Please retype the records below exactly, leaving out any pictures.

[Opening DATASET EXCERPTS section]

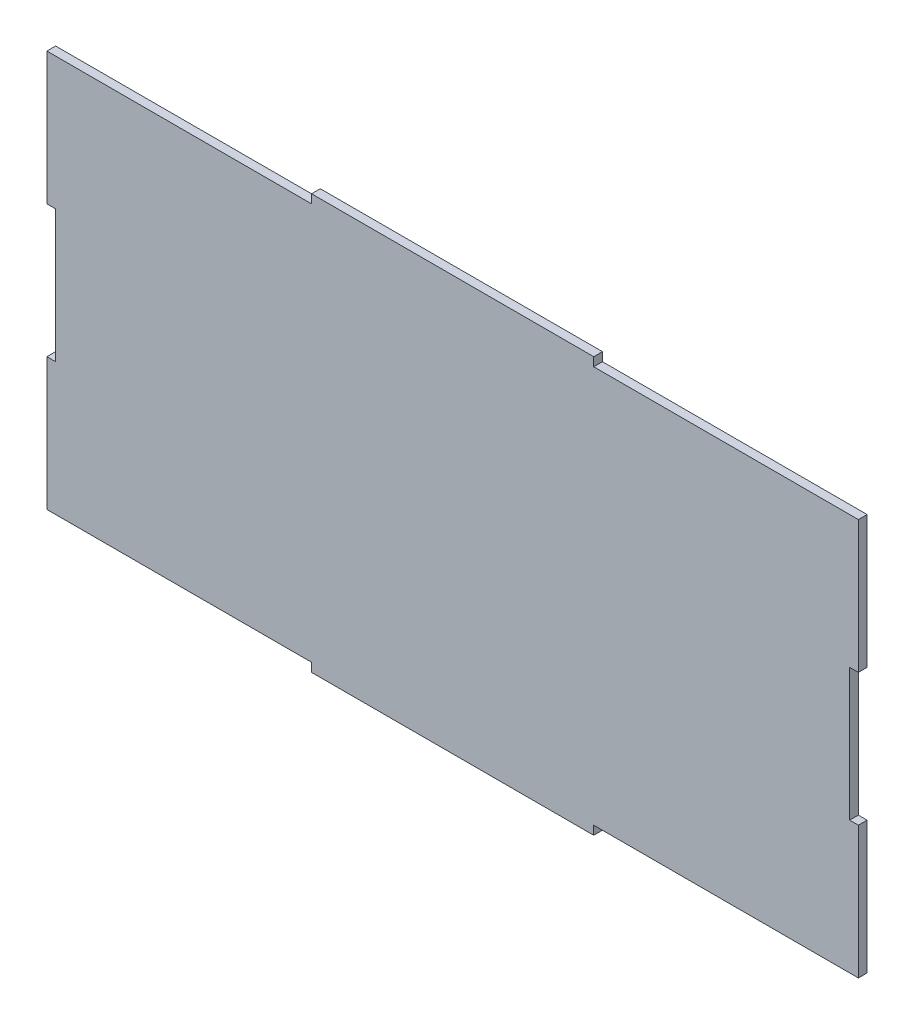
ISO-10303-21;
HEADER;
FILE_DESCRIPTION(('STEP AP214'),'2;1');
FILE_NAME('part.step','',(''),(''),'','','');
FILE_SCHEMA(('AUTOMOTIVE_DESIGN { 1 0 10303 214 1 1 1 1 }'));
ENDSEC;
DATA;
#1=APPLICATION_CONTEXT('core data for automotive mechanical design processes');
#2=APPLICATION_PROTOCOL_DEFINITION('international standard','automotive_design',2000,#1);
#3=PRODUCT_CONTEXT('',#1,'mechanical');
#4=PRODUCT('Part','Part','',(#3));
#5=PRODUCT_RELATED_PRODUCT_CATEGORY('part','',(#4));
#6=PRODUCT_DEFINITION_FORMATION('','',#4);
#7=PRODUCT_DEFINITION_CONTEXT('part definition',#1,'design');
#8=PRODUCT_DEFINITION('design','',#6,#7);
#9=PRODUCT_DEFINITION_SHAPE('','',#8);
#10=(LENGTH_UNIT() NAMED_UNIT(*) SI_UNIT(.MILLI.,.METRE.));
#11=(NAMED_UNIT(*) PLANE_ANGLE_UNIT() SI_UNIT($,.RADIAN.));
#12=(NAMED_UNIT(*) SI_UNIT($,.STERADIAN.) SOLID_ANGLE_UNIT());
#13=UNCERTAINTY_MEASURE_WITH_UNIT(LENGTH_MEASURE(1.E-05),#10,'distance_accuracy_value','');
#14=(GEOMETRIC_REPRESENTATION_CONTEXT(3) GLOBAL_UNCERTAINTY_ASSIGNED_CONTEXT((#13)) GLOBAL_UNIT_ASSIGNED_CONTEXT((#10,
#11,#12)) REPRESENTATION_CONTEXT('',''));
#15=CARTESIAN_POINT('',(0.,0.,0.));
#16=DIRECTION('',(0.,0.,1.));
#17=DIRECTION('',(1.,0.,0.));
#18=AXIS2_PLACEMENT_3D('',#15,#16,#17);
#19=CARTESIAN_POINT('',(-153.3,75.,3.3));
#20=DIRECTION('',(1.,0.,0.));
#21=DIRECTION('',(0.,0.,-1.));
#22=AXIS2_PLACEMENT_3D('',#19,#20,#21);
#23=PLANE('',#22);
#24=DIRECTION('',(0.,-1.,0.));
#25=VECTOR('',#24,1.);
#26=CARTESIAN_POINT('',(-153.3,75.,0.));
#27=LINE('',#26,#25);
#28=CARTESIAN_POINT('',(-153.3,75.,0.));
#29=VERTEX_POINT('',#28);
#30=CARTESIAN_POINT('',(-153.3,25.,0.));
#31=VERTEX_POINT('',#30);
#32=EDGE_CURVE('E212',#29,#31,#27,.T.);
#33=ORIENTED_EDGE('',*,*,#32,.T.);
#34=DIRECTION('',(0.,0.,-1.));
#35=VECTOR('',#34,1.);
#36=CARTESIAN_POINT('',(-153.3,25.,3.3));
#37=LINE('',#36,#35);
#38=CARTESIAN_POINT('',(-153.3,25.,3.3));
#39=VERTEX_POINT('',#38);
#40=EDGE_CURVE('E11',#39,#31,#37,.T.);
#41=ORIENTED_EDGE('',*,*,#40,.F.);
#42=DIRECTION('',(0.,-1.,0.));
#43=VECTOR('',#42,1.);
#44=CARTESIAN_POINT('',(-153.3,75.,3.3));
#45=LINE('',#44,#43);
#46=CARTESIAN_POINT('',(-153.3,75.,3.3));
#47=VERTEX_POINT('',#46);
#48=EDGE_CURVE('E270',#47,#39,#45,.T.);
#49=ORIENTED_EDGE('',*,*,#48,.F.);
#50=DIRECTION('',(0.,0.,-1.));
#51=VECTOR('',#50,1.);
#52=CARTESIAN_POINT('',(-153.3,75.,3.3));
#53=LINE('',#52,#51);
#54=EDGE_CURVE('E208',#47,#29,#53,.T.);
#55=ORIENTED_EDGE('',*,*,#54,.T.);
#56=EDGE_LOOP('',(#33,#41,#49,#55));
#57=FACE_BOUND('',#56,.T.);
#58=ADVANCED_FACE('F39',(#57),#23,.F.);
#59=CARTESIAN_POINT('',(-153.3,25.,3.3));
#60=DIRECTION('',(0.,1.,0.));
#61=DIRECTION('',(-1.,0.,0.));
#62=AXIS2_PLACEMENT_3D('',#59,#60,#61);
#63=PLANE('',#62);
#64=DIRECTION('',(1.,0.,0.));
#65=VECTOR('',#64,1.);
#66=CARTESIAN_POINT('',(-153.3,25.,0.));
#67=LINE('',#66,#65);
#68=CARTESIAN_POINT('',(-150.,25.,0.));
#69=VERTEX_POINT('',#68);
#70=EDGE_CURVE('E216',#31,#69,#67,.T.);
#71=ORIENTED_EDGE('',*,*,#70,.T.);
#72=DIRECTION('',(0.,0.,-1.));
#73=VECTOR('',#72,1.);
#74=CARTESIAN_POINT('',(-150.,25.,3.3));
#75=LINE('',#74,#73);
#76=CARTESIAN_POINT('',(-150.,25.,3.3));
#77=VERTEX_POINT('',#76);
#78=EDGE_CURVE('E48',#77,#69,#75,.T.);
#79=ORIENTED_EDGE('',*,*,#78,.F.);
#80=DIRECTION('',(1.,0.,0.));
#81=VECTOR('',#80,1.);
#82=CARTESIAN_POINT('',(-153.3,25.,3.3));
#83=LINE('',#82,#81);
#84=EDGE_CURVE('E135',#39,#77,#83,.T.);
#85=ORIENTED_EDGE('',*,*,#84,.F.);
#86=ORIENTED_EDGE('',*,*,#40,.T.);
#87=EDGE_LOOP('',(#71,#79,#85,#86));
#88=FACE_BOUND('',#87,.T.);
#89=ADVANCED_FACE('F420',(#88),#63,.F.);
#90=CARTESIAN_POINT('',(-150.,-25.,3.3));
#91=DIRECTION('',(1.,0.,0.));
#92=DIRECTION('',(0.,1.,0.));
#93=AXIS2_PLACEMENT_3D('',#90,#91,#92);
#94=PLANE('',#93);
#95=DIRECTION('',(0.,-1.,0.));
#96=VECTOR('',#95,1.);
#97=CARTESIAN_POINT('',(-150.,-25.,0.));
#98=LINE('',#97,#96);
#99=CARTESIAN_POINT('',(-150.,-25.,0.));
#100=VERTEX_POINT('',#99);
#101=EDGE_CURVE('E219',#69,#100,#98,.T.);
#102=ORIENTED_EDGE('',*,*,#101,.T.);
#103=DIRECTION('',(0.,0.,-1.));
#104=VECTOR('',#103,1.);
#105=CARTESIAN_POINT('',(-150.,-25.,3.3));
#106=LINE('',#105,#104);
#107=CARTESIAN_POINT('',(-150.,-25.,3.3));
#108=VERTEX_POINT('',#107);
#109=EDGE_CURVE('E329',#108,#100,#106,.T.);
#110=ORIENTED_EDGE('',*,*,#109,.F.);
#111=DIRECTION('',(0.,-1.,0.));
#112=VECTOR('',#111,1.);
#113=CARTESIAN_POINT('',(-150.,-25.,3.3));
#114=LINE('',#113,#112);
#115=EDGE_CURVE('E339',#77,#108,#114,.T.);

[Closing DATASET EXCERPTS section]

→ **SOLUTION**
ISO-10303-21;
HEADER;
FILE_DESCRIPTION(('STEP AP214'),'2;1');
FILE_NAME('part.step','',(''),(''),'','','');
FILE_SCHEMA(('AUTOMOTIVE_DESIGN { 1 0 10303 214 1 1 1 1 }'));
ENDSEC;
DATA;
#1=APPLICATION_CONTEXT('core data for automotive mechanical design processes');
#2=APPLICATION_PROTOCOL_DEFINITION('international standard','automotive_design',2000,#1);
#3=PRODUCT_CONTEXT('',#1,'mechanical');
#4=PRODUCT('Part','Part','',(#3));
#5=PRODUCT_RELATED_PRODUCT_CATEGORY('part','',(#4));
#6=PRODUCT_DEFINITION_FORMATION('','',#4);
#7=PRODUCT_DEFINITION_CONTEXT('part definition',#1,'design');
#8=PRODUCT_DEFINITION('design','',#6,#7);
#9=PRODUCT_DEFINITION_SHAPE('','',#8);
#10=(LENGTH_UNIT() NAMED_UNIT(*) SI_UNIT(.MILLI.,.METRE.));
#11=(NAMED_UNIT(*) PLANE_ANGLE_UNIT() SI_UNIT($,.RADIAN.));
#12=(NAMED_UNIT(*) SI_UNIT($,.STERADIAN.) SOLID_ANGLE_UNIT());
#13=UNCERTAINTY_MEASURE_WITH_UNIT(LENGTH_MEASURE(1.E-05),#10,'distance_accuracy_value','');
#14=(GEOMETRIC_REPRESENTATION_CONTEXT(3) GLOBAL_UNCERTAINTY_ASSIGNED_CONTEXT((#13)) GLOBAL_UNIT_ASSIGNED_CONTEXT((#10,
#11,#12)) REPRESENTATION_CONTEXT('',''));
#15=CARTESIAN_POINT('',(0.,0.,0.));
#16=DIRECTION('',(0.,0.,1.));
#17=DIRECTION('',(1.,0.,0.));
#18=AXIS2_PLACEMENT_3D('',#15,#16,#17);
#19=CARTESIAN_POINT('',(-153.3,75.,3.3));
#20=DIRECTION('',(1.,0.,0.));
#21=DIRECTION('',(0.,0.,-1.));
#22=AXIS2_PLACEMENT_3D('',#19,#20,#21);
#23=PLANE('',#22);
#24=DIRECTION('',(0.,-1.,0.));
#25=VECTOR('',#24,1.);
#26=CARTESIAN_POINT('',(-153.3,75.,0.));
#27=LINE('',#26,#25);
#28=CARTESIAN_POINT('',(-153.3,75.,0.));
#29=VERTEX_POINT('',#28);
#30=CARTESIAN_POINT('',(-153.3,25.,0.));
#31=VERTEX_POINT('',#30);
#32=EDGE_CURVE('E212',#29,#31,#27,.T.);
#33=ORIENTED_EDGE('',*,*,#32,.T.);
#34=DIRECTION('',(0.,0.,-1.));
#35=VECTOR('',#34,1.);
#36=CARTESIAN_POINT('',(-153.3,25.,3.3));
#37=LINE('',#36,#35);
#38=CARTESIAN_POINT('',(-153.3,25.,3.3));
#39=VERTEX_POINT('',#38);
#40=EDGE_CURVE('E11',#39,#31,#37,.T.);
#41=ORIENTED_EDGE('',*,*,#40,.F.);
#42=DIRECTION('',(0.,-1.,0.));
#43=VECTOR('',#42,1.);
#44=CARTESIAN_POINT('',(-153.3,75.,3.3));
#45=LINE('',#44,#43);
#46=CARTESIAN_POINT('',(-153.3,75.,3.3));
#47=VERTEX_POINT('',#46);
#48=EDGE_CURVE('E270',#47,#39,#45,.T.);
#49=ORIENTED_EDGE('',*,*,#48,.F.);
#50=DIRECTION('',(0.,0.,-1.));
#51=VECTOR('',#50,1.);
#52=CARTESIAN_POINT('',(-153.3,75.,3.3));
#53=LINE('',#52,#51);
#54=EDGE_CURVE('E208',#47,#29,#53,.T.);
#55=ORIENTED_EDGE('',*,*,#54,.T.);
#56=EDGE_LOOP('',(#33,#41,#49,#55));
#57=FACE_BOUND('',#56,.T.);
#58=ADVANCED_FACE('F39',(#57),#23,.F.);
#59=CARTESIAN_POINT('',(-153.3,25.,3.3));
#60=DIRECTION('',(0.,1.,0.));
#61=DIRECTION('',(-1.,0.,0.));
#62=AXIS2_PLACEMENT_3D('',#59,#60,#61);
#63=PLANE('',#62);
#64=DIRECTION('',(1.,0.,0.));
#65=VECTOR('',#64,1.);
#66=CARTESIAN_POINT('',(-153.3,25.,0.));
#67=LINE('',#66,#65);
#68=CARTESIAN_POINT('',(-150.,25.,0.));
#69=VERTEX_POINT('',#68);
#70=EDGE_CURVE('E216',#31,#69,#67,.T.);
#71=ORIENTED_EDGE('',*,*,#70,.T.);
#72=DIRECTION('',(0.,0.,-1.));
#73=VECTOR('',#72,1.);
#74=CARTESIAN_POINT('',(-150.,25.,3.3));
#75=LINE('',#74,#73);
#76=CARTESIAN_POINT('',(-150.,25.,3.3));
#77=VERTEX_POINT('',#76);
#78=EDGE_CURVE('E48',#77,#69,#75,.T.);
#79=ORIENTED_EDGE('',*,*,#78,.F.);
#80=DIRECTION('',(1.,0.,0.));
#81=VECTOR('',#80,1.);
#82=CARTESIAN_POINT('',(-153.3,25.,3.3));
#83=LINE('',#82,#81);
#84=EDGE_CURVE('E135',#39,#77,#83,.T.);
#85=ORIENTED_EDGE('',*,*,#84,.F.);
#86=ORIENTED_EDGE('',*,*,#40,.T.);
#87=EDGE_LOOP('',(#71,#79,#85,#86));
#88=FACE_BOUND('',#87,.T.);
#89=ADVANCED_FACE('F420',(#88),#63,.F.);
#90=CARTESIAN_POINT('',(-150.,-25.,3.3));
#91=DIRECTION('',(1.,0.,0.));
#92=DIRECTION('',(0.,1.,0.));
#93=AXIS2_PLACEMENT_3D('',#90,#91,#92);
#94=PLANE('',#93);
#95=DIRECTION('',(0.,-1.,0.));
#96=VECTOR('',#95,1.);
#97=CARTESIAN_POINT('',(-150.,-25.,0.));
#98=LINE('',#97,#96);
#99=CARTESIAN_POINT('',(-150.,-25.,0.));
#100=VERTEX_POINT('',#99);
#101=EDGE_CURVE('E219',#69,#100,#98,.T.);
#102=ORIENTED_EDGE('',*,*,#101,.T.);
#103=DIRECTION('',(0.,0.,-1.));
#104=VECTOR('',#103,1.);
#105=CARTESIAN_POINT('',(-150.,-25.,3.3));
#106=LINE('',#105,#104);
#107=CARTESIAN_POINT('',(-150.,-25.,3.3));
#108=VERTEX_POINT('',#107);
#109=EDGE_CURVE('E329',#108,#100,#106,.T.);
#110=ORIENTED_EDGE('',*,*,#109,.F.);
#111=DIRECTION('',(0.,-1.,0.));
#112=VECTOR('',#111,1.);
#113=CARTESIAN_POINT('',(-150.,-25.,3.3));
#114=LINE('',#113,#112);
#115=EDGE_CURVE('E339',#77,#108,#114,.T.);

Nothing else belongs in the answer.